Внезапно Патрик почувствовал себя уставшим — и от самого себя и от воспоминаний, которые грозили затопить его. Четыре месяца назад ему исполнилось тридцать шесть. Он уже давно утратил иллюзии в отношении многих вещей и, черт побери, только сам мог себе указывать, какую ему вести жизнь! Он вовсе не обязан был исправлять ошибки юности — особенно те из них, которые относились к Мэри. Дни, когда они были друзьями, давно прошли, и не было никаких причин для того, чтобы размеренное течение его жизни нарушалось, — если, конечно, это именно она приехала в Монжуа.
Эта мысль принесла ему некоторое успокоение. Прежде чем отвернуться от окна, Патрик в последний раз глубоко вздохнул, наполняя легкие ароматом гелиотропов и весны. Но что-то еще вплелось в эти запахи — что-то едва заметное, но ядовитое плавало в воздухе, делая его не таким свежим, каким он был всего несколько секунд назад.
Внезапно встревожившись, Патрик выключил настольную лампу и высунулся из окна, внимательно оглядывая все вокруг и ища сам не зная что. Внизу спокойно текла река. Вверху луна висела высоко над макушками деревьев, отделявших владения Дороти Мэйн от имения Дюбуа. Господь Бог, судя по всему, пребывал на небесах, с миром все было в порядке, и Патрик уже готов был отвернуться от окна.
Но вдруг вспышка света между деревьями — такая короткая, что он чуть не пропустил ее, — привлекла его внимание.

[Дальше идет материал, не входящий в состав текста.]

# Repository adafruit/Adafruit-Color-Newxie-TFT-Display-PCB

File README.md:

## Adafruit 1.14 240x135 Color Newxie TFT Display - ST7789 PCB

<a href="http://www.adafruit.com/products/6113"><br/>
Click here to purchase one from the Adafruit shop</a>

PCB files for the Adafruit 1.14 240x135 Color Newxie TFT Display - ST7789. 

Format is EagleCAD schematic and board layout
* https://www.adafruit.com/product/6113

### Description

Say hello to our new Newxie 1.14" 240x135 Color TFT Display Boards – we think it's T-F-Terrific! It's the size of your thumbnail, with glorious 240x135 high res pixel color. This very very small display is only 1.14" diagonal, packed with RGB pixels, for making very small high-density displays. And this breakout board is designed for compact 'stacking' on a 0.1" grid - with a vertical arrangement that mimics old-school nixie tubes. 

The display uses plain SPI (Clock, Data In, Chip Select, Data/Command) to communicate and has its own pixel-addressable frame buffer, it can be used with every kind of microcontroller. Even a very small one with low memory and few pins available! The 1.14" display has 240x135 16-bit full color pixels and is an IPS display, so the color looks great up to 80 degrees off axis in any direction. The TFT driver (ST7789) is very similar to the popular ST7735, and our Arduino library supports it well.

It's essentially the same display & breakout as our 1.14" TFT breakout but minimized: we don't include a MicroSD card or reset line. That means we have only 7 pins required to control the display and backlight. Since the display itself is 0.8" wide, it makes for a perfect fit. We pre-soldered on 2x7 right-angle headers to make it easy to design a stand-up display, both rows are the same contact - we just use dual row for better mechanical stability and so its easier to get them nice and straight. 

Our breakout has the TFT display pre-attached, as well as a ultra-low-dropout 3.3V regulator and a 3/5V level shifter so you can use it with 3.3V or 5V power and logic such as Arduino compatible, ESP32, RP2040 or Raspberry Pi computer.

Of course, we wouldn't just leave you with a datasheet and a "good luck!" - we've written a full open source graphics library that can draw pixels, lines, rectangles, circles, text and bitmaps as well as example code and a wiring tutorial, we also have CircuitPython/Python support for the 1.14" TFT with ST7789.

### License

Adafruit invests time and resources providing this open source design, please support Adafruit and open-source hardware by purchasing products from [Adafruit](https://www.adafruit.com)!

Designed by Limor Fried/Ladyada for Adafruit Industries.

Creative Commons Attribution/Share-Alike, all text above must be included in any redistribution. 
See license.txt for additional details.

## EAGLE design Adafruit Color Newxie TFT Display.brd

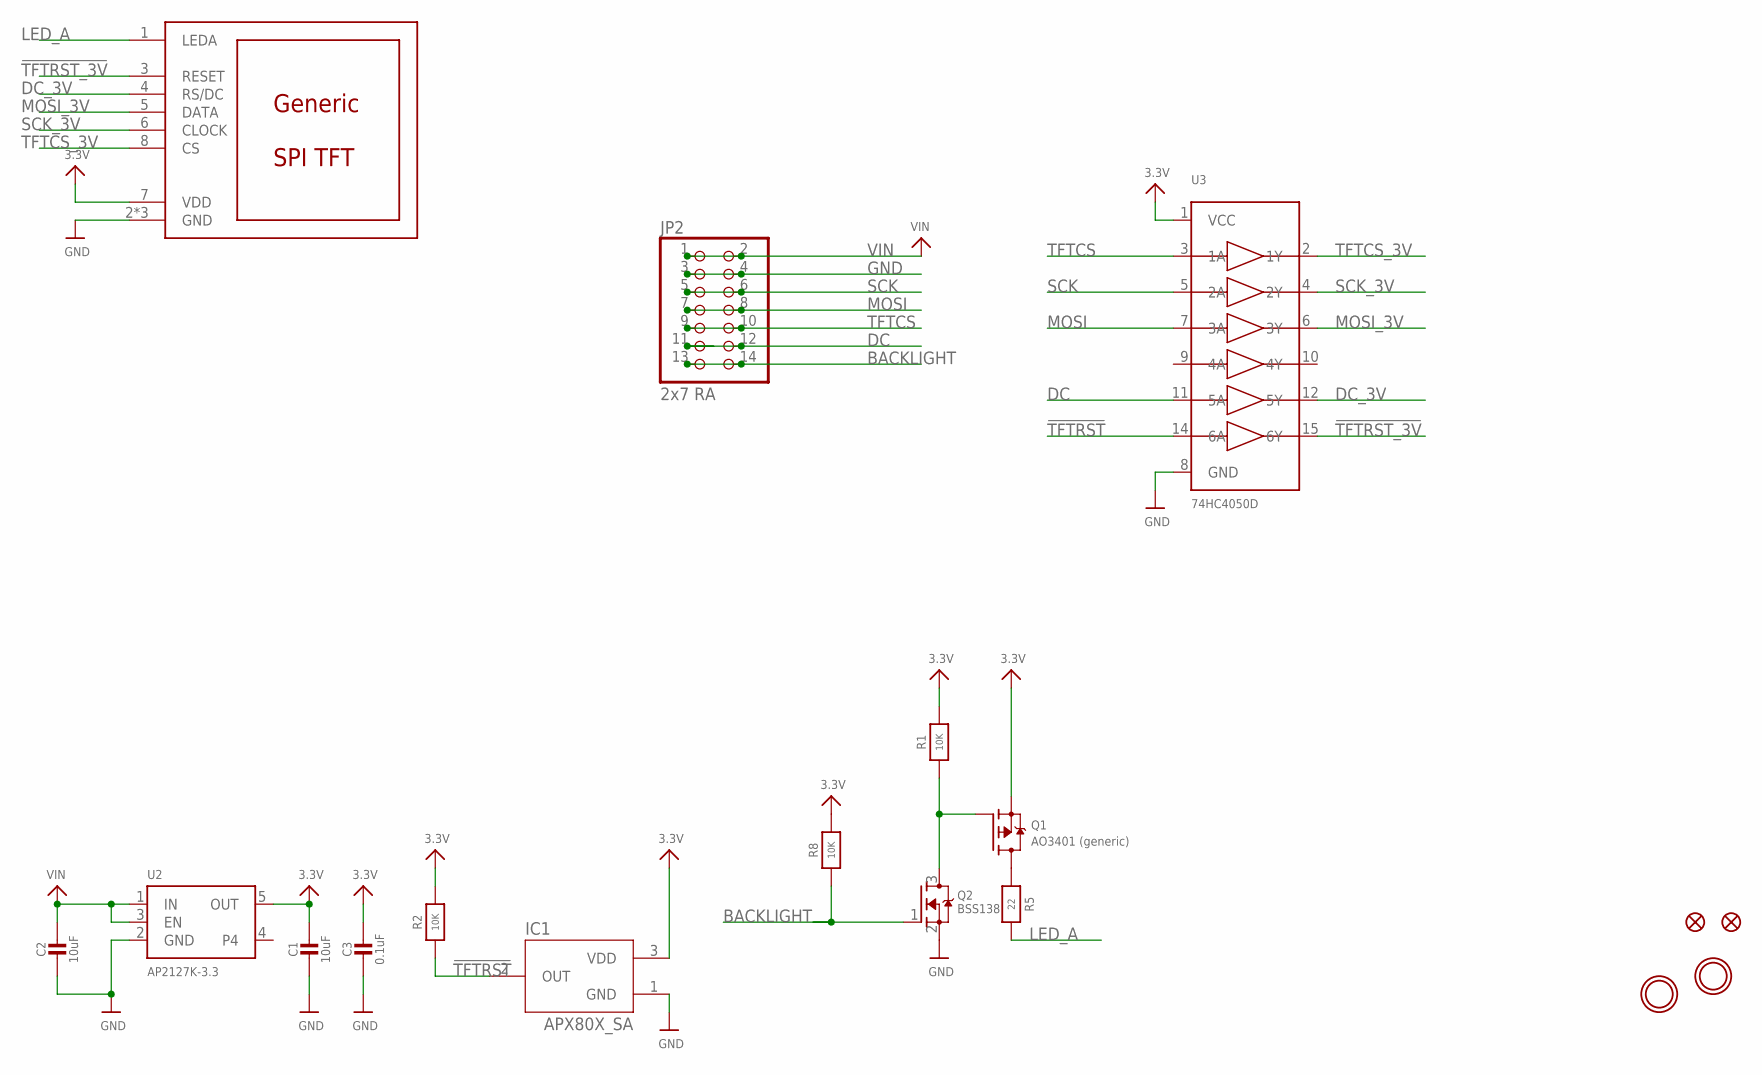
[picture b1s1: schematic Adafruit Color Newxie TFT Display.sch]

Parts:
C1, C2: 10uF; 0805-NO
C3: 0.1uF; 0603-NO
DISP2: DISP_LCD_GENERIC_SPI_NOLEDA_1.14_240X135_FPC; TFT_1.14IN_240X135_FPC
FID1, FID2: FIDUCIAL_1MM
IC1: APX80X_SA; SOT23-WIDE
JP2: 2x7 RA; 2X07_ROUND_70MIL
Q1: AO3401 (generic); SOT23-WIDE
Q2: BSS138; SOT23-WIDE
R1, R2, R8: 10K; 0603-NO
R5: 22; 0603-NO
U2: AP2127K-3.3; SOT23-5
U3: 74HC4050D; TSSOP16
U$9, U$10: MOUNTINGHOLE2.5; MOUNTINGHOLE_2.5_PLATED

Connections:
3.3V: C1.1, C3.1, DISP2.7 (VDD), IC1.3 (VDD), Q1.2 (S), R1.2, R2.2, R8.2, U2.5 (OUT), U3.1 (VCC)
!TFTRST: IC1.2 (OUT), R2.1, U3.14 (6A)
!TFTRST_3V: DISP2.3 (RESET), U3.15 (6Y)
BACKLIGHT: JP2.13, JP2.14, Q2.1 (G), R8.1
DC: JP2.11, JP2.12, U3.11 (5A)
DC_3V: DISP2.4 (RS/DC), U3.12 (5Y)
GND: C1.2, C2.2, C3.2, DISP2.2 (GND), DISP2.MT1 (GND), DISP2.MT2 (GND), IC1.1 (GND), JP2.3, JP2.4, Q2.2 (S), U2.2 (GND), U3.8 (GND)
LED_A: DISP2.1 (LEDA), R5.2
MOSI: JP2.7, JP2.8, U3.7 (3A)
MOSI_3V: DISP2.5 (DATA), U3.6 (3Y)
unnamed: Q1.3 (D), R5.1
unnamed: Q1.1 (G), Q2.3 (D), R1.1
SCK: JP2.5, JP2.6, U3.5 (2A)
SCK_3V: DISP2.6 (CLOCK), U3.4 (2Y)
TFTCS: JP2.9, JP2.10, U3.3 (1A)
TFTCS_3V: DISP2.8 (CS), U3.2 (1Y)
VIN: C2.1, JP2.1, JP2.2, U2.1 (IN), U2.3 (EN)

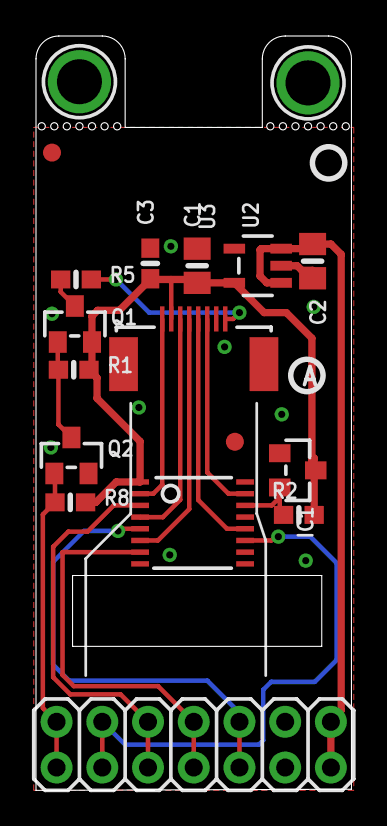
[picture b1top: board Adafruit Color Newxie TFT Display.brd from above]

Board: 2 copper layers, 17.5 x 41.9 mm, 28 parts (1 on the bottom side), 17 nets.

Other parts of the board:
PLABEL0: PLABEL0
PLABEL1: PLABEL1
PLABEL2: PLABEL2
PLABEL3: PLABEL3
PLABEL4: PLABEL4
PLABEL5: PLABEL5
PLABEL6: PLABEL6
PLABEL7: PLABEL7
U$6, U$15: PCBFEAT-REV-040

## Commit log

2024-12-18 cookiecutter

Через несколько секунд за ней последовал взрыв оранжевого пламени.
Патрик застыл у окна словно парализованный. Драгоценные секунды уходили, ему следовало бы уже давно как-то реагировать на эту непредвиденную ситуацию, а он все еще изо всех сил старался уверить себя, что ничего не случилось. Однако в следующую минуту он уже несся к двери, крича на весь дом, чтобы Дороти поскорее вставала и звонила в Нью-Виллидж.
Теперь делать вид, что он не замечает присутствия Мэри, будет не так просто, как он надеялся. Потому что дом Дюбуа был объят огнем!
2
Мэри выплывала из объятий сна медленно, неохотно; запах копченой трески, которую Тереза подавала на ужин, неотступно преследовал ее и в сновидениях. Но вместо того, чтобы постепенно улетучиваться, как это обычно бывает во сне, аромат, смешанный с дымком, пробиваясь длинными, закручивающимися струями из-под двери, становился все сильнее. И сопровождался тонкими отчаянными причитаниями, издаваемыми кем-то в доме…
Внезапно совершенно проснувшись, Мэри села в кровати, а в следующую секунду уже бежала к двери. Распахнув ее, она убедилась, что самые худшие опасения подтверждаются: по лестничной клетке поднималась голубоватая мгла дыма.